Дверь скрипнула, и в горницу вошли, вплыли светлым облаком посетители.

− Ой, беда! Печь не топлена, мальцы голодные на лавке воробушками. Горюешь всё. Аль не совестно? − Федора Наумовна, едва стряхнув снег с накинутого на плечи тулупа, бросилась к внукам. Пятилетняя Настёнушка и трёхлетний Микитка, завидев бабушку, ожили, захныкали.

− Который день всё у окна сидишь, Катерина? Ивана не вернёшь, − продолжала мать поучать дочь, раскладывая на столе нехитрую снедь. − Теперь деткам своим и за мать, и за батьку должна быть, а ты совсем хозяйство забросила. Хорошо, соседская Грунька прибежала, сказала. Мы с отцом сразу лошадку запрягли да к вам отправились.

− И то. От соседей стыдно, скотинку вашу который день люди чужие обихаживают, − подал голос Дементий Степаныч. Пока жена хлопотала у стола да обтирала ребятишек, он успел наносить дров и затопить печь, а теперь по-хозяйски осматривал входную дверь, что-то прибивая, прилаживая. − Ишь, избу выстудила. Детей поморозишь.

Катерина как сидела у темнеющего окна, так и осталась сидеть − ноги словно отнялись. Она смотрела сухими глазами на родительские хлопоты, смотрела, как одевают и уводят её детей, слышала, что отец посулил прислать назавтра в помощь младшего неженатого брата и молчала. Ну и правильно, пусть едут, нельзя детишкам в могиле, под одним с ней похоронным пологом.

А ведь совсем недавно счастливее Катерины никого на свете не было. С тех пор, как встретила своего Ванюшку, ни на день глаза не гасли. И чем приглянулась-то, до сих пор понять не может. Сколько себя помнила, всё в работе − одиннадцать детушек у родителей, а она дочь старшая. С раннего утра до поздней ноченьки хлопотала по дому. Бедно жили, голодно, детей на квасе поднимали. Недосуг было Катерине по хороводам бегать, на вечёрках с девушками песни петь да на святках женихов загадывать. И не думала о женихах-то, а тут сваты, да от кого.

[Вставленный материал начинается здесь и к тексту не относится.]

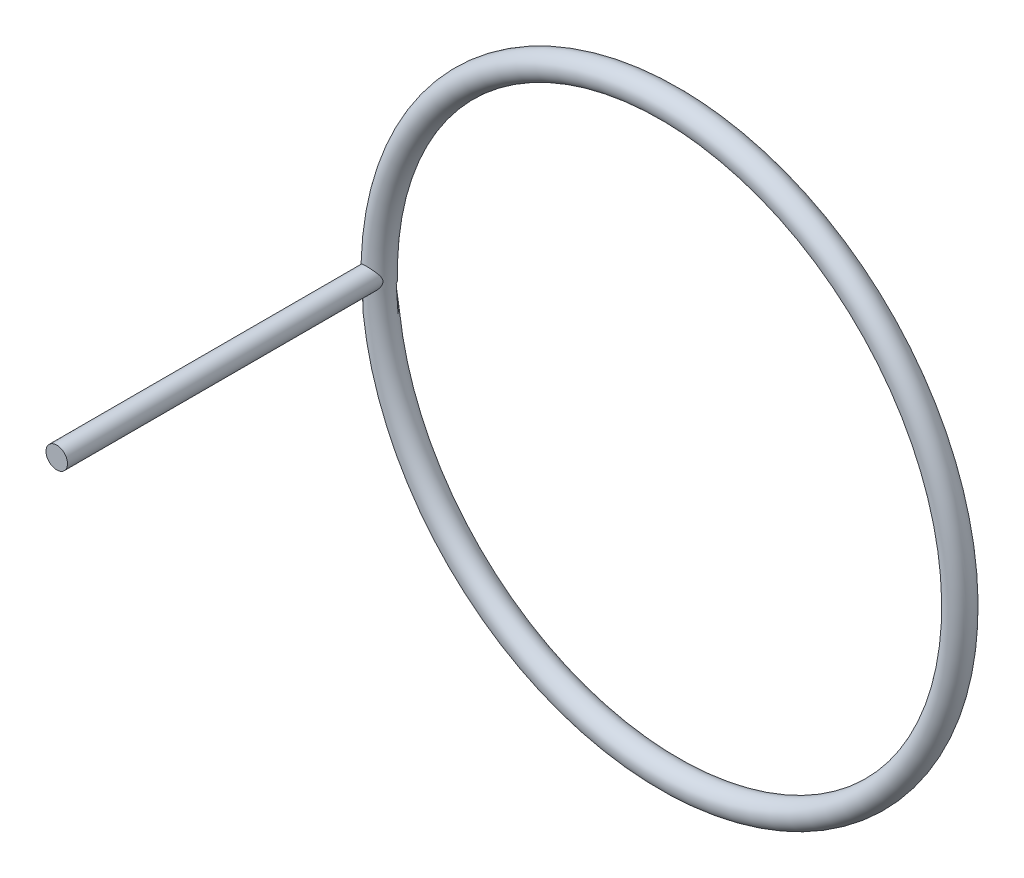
ISO-10303-21;
HEADER;
FILE_DESCRIPTION(('STEP AP214'),'2;1');
FILE_NAME('part.step','',(''),(''),'','','');
FILE_SCHEMA(('AUTOMOTIVE_DESIGN { 1 0 10303 214 1 1 1 1 }'));
ENDSEC;
DATA;
#1=APPLICATION_CONTEXT('core data for automotive mechanical design processes');
#2=APPLICATION_PROTOCOL_DEFINITION('international standard','automotive_design',2000,#1);
#3=PRODUCT_CONTEXT('',#1,'mechanical');
#4=PRODUCT('Part','Part','',(#3));
#5=PRODUCT_RELATED_PRODUCT_CATEGORY('part','',(#4));
#6=PRODUCT_DEFINITION_FORMATION('','',#4);
#7=PRODUCT_DEFINITION_CONTEXT('part definition',#1,'design');
#8=PRODUCT_DEFINITION('design','',#6,#7);
#9=PRODUCT_DEFINITION_SHAPE('','',#8);
#10=(LENGTH_UNIT() NAMED_UNIT(*) SI_UNIT(.MILLI.,.METRE.));
#11=(NAMED_UNIT(*) PLANE_ANGLE_UNIT() SI_UNIT($,.RADIAN.));
#12=(NAMED_UNIT(*) SI_UNIT($,.STERADIAN.) SOLID_ANGLE_UNIT());
#13=UNCERTAINTY_MEASURE_WITH_UNIT(LENGTH_MEASURE(1.E-05),#10,'distance_accuracy_value','');
#14=(GEOMETRIC_REPRESENTATION_CONTEXT(3) GLOBAL_UNCERTAINTY_ASSIGNED_CONTEXT((#13)) GLOBAL_UNIT_ASSIGNED_CONTEXT((#10,
#11,#12)) REPRESENTATION_CONTEXT('',''));
#15=CARTESIAN_POINT('',(0.,0.,0.));
#16=DIRECTION('',(0.,0.,1.));
#17=DIRECTION('',(1.,0.,0.));
#18=AXIS2_PLACEMENT_3D('',#15,#16,#17);
#19=CARTESIAN_POINT('',(137.16,0.,0.));
#20=DIRECTION('',(0.,0.,1.));
#21=DIRECTION('',(1.,0.,0.));
#22=AXIS2_PLACEMENT_3D('',#19,#20,#21);
#23=TOROIDAL_SURFACE('',#22,137.16,6.08);
#24=CARTESIAN_POINT('',(-5.06777379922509,-0.352233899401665,3.358518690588));
#25=CARTESIAN_POINT('',(-5.06063582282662,-0.45496528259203,3.36890361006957));
#26=CARTESIAN_POINT('',(-5.05039550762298,-0.557002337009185,3.38374953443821));
#27=CARTESIAN_POINT('',(-5.0240351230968,-0.75884244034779,3.42140318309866));
#28=CARTESIAN_POINT('',(-5.00791177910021,-0.858644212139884,3.44421534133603));
#29=CARTESIAN_POINT('',(-4.95117361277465,-1.15440024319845,3.52296090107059));
#30=CARTESIAN_POINT('',(-4.90223695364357,-1.34609163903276,3.58912885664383));
#31=CARTESIAN_POINT('',(-4.80114726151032,-1.66598629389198,3.71843195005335));
#32=CARTESIAN_POINT('',(-4.75342258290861,-1.79736723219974,3.7775706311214));
#33=CARTESIAN_POINT('',(-4.64856345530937,-2.05338055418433,3.90202696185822));
#34=CARTESIAN_POINT('',(-4.59142391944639,-2.17800924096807,3.96734794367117));
#35=CARTESIAN_POINT('',(-4.46820773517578,-2.4207595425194,4.10180347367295));
#36=CARTESIAN_POINT('',(-4.40212192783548,-2.53887431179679,4.17094188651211));
#37=CARTESIAN_POINT('',(-4.26135681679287,-2.76864262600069,4.31109351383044));
#38=CARTESIAN_POINT('',(-4.18667905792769,-2.88029732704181,4.38210638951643));
#39=CARTESIAN_POINT('',(-4.02452163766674,-3.1031662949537,4.5284161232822));
#40=CARTESIAN_POINT('',(-3.93656438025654,-3.21402026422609,4.60373425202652));
#41=CARTESIAN_POINT('',(-3.75132628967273,-3.42841430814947,4.7532506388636));
#42=CARTESIAN_POINT('',(-3.65404445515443,-3.53195359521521,4.82744877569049));
#43=CARTESIAN_POINT('',(-3.34851124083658,-3.83079213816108,5.04608335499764));
#44=CARTESIAN_POINT('',(-3.12619934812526,-4.01482697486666,5.18690886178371));
#45=CARTESIAN_POINT('',(-2.68421982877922,-4.31985547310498,5.42679173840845));
#46=CARTESIAN_POINT('',(-2.46997009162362,-4.44623257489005,5.52891905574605));
#47=CARTESIAN_POINT('',(-2.13110984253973,-4.61309649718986,5.66639013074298));
#48=CARTESIAN_POINT('',(-2.01519258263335,-4.66495027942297,5.70960789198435));
#49=CARTESIAN_POINT('',(-1.77800554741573,-4.76040106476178,5.78997673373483));
#50=CARTESIAN_POINT('',(-1.65673822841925,-4.80400180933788,5.8271305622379));
#51=CARTESIAN_POINT('',(-1.40824541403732,-4.88266309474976,5.89491730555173));
#52=CARTESIAN_POINT('',(-1.28097230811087,-4.91763345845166,5.92548097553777));
#53=CARTESIAN_POINT('',(-1.02259745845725,-4.97777791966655,5.97883355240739));
#54=CARTESIAN_POINT('',(-0.891497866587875,-5.0029574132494,6.00162674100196));
#55=CARTESIAN_POINT('',(-0.626640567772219,-5.04297986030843,6.03881161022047));
#56=CARTESIAN_POINT('',(-0.4928847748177,-5.05782999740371,6.05320912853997));
#57=CARTESIAN_POINT('',(-0.223968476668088,-5.07684914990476,6.07317794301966));
#58=CARTESIAN_POINT('',(-0.088808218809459,-5.08102001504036,6.07875076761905));
#59=CARTESIAN_POINT('',(0.161247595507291,-5.07874167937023,6.08071555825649));
#60=CARTESIAN_POINT('',(0.276151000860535,-5.07378735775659,6.07835582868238));
#61=CARTESIAN_POINT('',(0.505079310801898,-5.05613264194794,6.06714090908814));
#62=CARTESIAN_POINT('',(0.61910393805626,-5.04342989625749,6.0582837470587));
#63=CARTESIAN_POINT('',(0.845330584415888,-5.01047638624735,6.03423750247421));
#64=CARTESIAN_POINT('',(0.9575333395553,-4.99022875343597,6.01905104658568));
#65=CARTESIAN_POINT('',(1.17940688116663,-4.94249929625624,5.98263998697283));
#66=CARTESIAN_POINT('',(1.28907668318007,-4.91501470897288,5.96141307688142));
#67=CARTESIAN_POINT('',(1.60707619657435,-4.8240316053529,5.89059453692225));
#68=CARTESIAN_POINT('',(1.81102908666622,-4.75099642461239,5.83311905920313));
#69=CARTESIAN_POINT('',(2.20304172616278,-4.58242929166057,5.70031646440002));
#70=CARTESIAN_POINT('',(2.39109557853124,-4.48688904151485,5.62498276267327));
#71=CARTESIAN_POINT('',(2.6980424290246,-4.30684760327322,5.48403394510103));
#72=CARTESIAN_POINT('',(2.82131452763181,-4.22702543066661,5.42181766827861));
#73=CARTESIAN_POINT('',(3.05856089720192,-4.0586649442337,5.29171217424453));
#74=CARTESIAN_POINT('',(3.17253482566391,-3.97012630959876,5.223822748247));
#75=CARTESIAN_POINT('',(3.39131441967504,-3.78496771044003,5.08359651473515));
#76=CARTESIAN_POINT('',(3.49609714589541,-3.68832864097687,5.01124930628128));
#77=CARTESIAN_POINT('',(3.69618596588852,-3.48778894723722,4.86365061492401));
#78=CARTESIAN_POINT('',(3.79149319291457,-3.38388919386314,4.78839948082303));
#79=CARTESIAN_POINT('',(3.97441299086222,-3.16716479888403,4.63497473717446));
#80=CARTESIAN_POINT('',(4.06184517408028,-3.05420818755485,4.55677276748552));
#81=CARTESIAN_POINT('',(4.22697033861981,-2.82126093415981,4.40048034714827));
#82=CARTESIAN_POINT('',(4.30466089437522,-2.70126855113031,4.32238992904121));
#83=CARTESIAN_POINT('',(4.45007076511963,-2.45433748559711,4.16842529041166));
#84=CARTESIAN_POINT('',(4.51780540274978,-2.32740989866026,4.09254781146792));
#85=CARTESIAN_POINT('',(4.6431004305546,-2.06615406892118,3.94542093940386));
#86=CARTESIAN_POINT('',(4.70066696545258,-1.93183036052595,3.87416876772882));
#87=CARTESIAN_POINT('',(4.81343075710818,-1.63301357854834,3.72870542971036));
#88=CARTESIAN_POINT('',(4.86677186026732,-1.46713417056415,3.65584809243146));
#89=CARTESIAN_POINT('',(4.95712748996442,-1.12450664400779,3.5278766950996));
#90=CARTESIAN_POINT('',(4.99417736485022,-0.947783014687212,3.47272429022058));
#91=CARTESIAN_POINT('',(5.04524959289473,-0.613089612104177,3.39517552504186));
#92=CARTESIAN_POINT('',(5.06194182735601,-0.456430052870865,3.3690395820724));
#93=CARTESIAN_POINT('',(5.08052758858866,-0.140155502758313,3.33987821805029));
#94=CARTESIAN_POINT('',(5.08243877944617,0.0194557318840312,3.33682521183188));
#95=CARTESIAN_POINT('',(5.07132090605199,0.33658386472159,3.35433587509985));
#96=CARTESIAN_POINT('',(5.05830830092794,0.49410287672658,3.37487352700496));
#97=CARTESIAN_POINT('',(5.018488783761,0.803495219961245,3.43599713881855));
#98=CARTESIAN_POINT('',(4.99165699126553,0.95535783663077,3.4766192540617));
#99=CARTESIAN_POINT('',(4.93241812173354,1.22162286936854,3.56300073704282));
#100=CARTESIAN_POINT('',(4.90221058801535,1.33742675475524,3.60609306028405));
#101=CARTESIAN_POINT('',(4.8346682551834,1.56408843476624,3.69927116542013));
#102=CARTESIAN_POINT('',(4.79732896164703,1.67494305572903,3.7493613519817));
#103=CARTESIAN_POINT('',(4.7159088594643,1.89211544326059,3.85461243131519));
#104=CARTESIAN_POINT('',(4.67180624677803,1.99841706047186,3.90978948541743));
#105=CARTESIAN_POINT('',(4.57728911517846,2.20632252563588,4.02340564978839));
#106=CARTESIAN_POINT('',(4.52687517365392,2.30792680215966,4.08184446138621));
#107=CARTESIAN_POINT('',(4.39664860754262,2.54992708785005,4.22652011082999));
#108=CARTESIAN_POINT('',(4.31358795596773,2.68796861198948,4.31378969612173));
#109=CARTESIAN_POINT('',(4.13508011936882,2.95522266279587,4.48927083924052));
#110=CARTESIAN_POINT('',(4.03962763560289,3.08443137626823,4.57748278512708));
#111=CARTESIAN_POINT('',(3.83647999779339,3.33370921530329,4.75225641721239));
#112=CARTESIAN_POINT('',(3.72880193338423,3.45379071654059,4.83882021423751));
#113=CARTESIAN_POINT('',(3.50113989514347,3.68438419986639,5.00818321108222));
#114=CARTESIAN_POINT('',(3.38116122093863,3.79490026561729,5.0909840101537));
#115=CARTESIAN_POINT('',(3.06366828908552,4.05983423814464,5.29200715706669));
#116=CARTESIAN_POINT('',(2.85800801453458,4.20760550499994,5.40655035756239));
#117=CARTESIAN_POINT('',(2.52926607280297,4.4074565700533,5.56273507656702));
#118=CARTESIAN_POINT('',(2.41632984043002,4.47043096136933,5.61218498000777));
#119=CARTESIAN_POINT('',(2.18400521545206,4.58840546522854,5.7049989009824));
#120=CARTESIAN_POINT('',(2.06462081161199,4.64341043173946,5.74836662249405));
#121=CARTESIAN_POINT('',(1.83949989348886,4.73656218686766,5.82173722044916));
#122=CARTESIAN_POINT('',(1.73462941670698,4.77599835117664,5.85276839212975));
#123=CARTESIAN_POINT('',(1.52122366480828,4.84819100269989,5.90937645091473));
#124=CARTESIAN_POINT('',(1.41269015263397,4.88095065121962,5.93495591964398));
#125=CARTESIAN_POINT('',(1.19251331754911,4.93936069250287,5.98021901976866));
#126=CARTESIAN_POINT('',(1.08086991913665,4.96501091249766,5.99990250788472));
#127=CARTESIAN_POINT('',(0.855245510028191,5.00880766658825,6.03299344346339));
#128=CARTESIAN_POINT('',(0.741265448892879,5.02695718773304,6.04640338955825));
#129=CARTESIAN_POINT('',(0.511316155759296,5.05553454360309,6.06673673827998));
#130=CARTESIAN_POINT('',(0.39534096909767,5.06593248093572,6.07363505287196));
#131=CARTESIAN_POINT('',(0.162789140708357,5.07872575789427,6.08072747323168));
#132=CARTESIAN_POINT('',(0.0462127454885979,5.08112415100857,6.08092413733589));
#133=CARTESIAN_POINT('',(-0.18667526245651,5.07790485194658,6.0746401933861));
#134=CARTESIAN_POINT('',(-0.302986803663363,5.07228520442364,6.06815795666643));
#135=CARTESIAN_POINT('',(-0.534400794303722,5.0531472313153,6.04868115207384));
#136=CARTESIAN_POINT('',(-0.649503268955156,5.03962907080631,6.03568672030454));
#137=CARTESIAN_POINT('',(-0.871587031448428,5.0058635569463,6.00433835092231));
#138=CARTESIAN_POINT('',(-0.978674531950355,4.98601258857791,5.98630642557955));
#139=CARTESIAN_POINT('',(-1.19040624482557,4.93974625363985,5.94501002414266));
#140=CARTESIAN_POINT('',(-1.29504965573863,4.91332876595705,5.92174385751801));
#141=CARTESIAN_POINT('',(-1.60443726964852,4.82474045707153,5.84468214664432));
#142=CARTESIAN_POINT('',(-1.80478370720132,4.75321114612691,5.78360217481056));
#143=CARTESIAN_POINT('',(-2.20969992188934,4.58006182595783,5.63871910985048));
#144=CARTESIAN_POINT('',(-2.41266573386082,4.47613804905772,5.55324785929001));
#145=CARTESIAN_POINT('',(-2.79821873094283,4.24580457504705,5.36810817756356));
#146=CARTESIAN_POINT('',(-2.98079706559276,4.11938517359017,5.26843362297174));
#147=CARTESIAN_POINT('',(-3.36097897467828,3.81847469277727,5.03754198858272));
#148=CARTESIAN_POINT('',(-3.55367140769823,3.63946486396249,4.90409909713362));
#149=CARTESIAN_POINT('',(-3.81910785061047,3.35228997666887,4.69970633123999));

От Ваньки, при встрече с которым деревенские девушки стыдливо глазки опускали. Что и говорить, видный жених, ладный, десять вершков росту[1], а глаза добрые-добрые, выдают улыбку, что в усах прятал. Родители и не чаяли такого жениха для своей дочери, не готовили её в невесты, не рядили в одежды праздничные, не до того было. Ванечка всё сам справил, две деревни три дня пировали. Да и то, хозяйство у жениха крепкое, от отца досталось − отец-то уж лет пять тому занедужил и помер, оставив жену и сына.

Первые годы в замужестве чудились Катерине сказкой. Гостинцы, наряды − не скупился Ванечка, разодел, как купчиху какую. Бабонька раздобрела, округлилась, а вскоре и понесла. Прасковья Федоровна, свекровушка, только радовалась, на молодых глядючи. Но недолго с ними прожила − дождалась Настюшку, на руках подержала и дух испустила.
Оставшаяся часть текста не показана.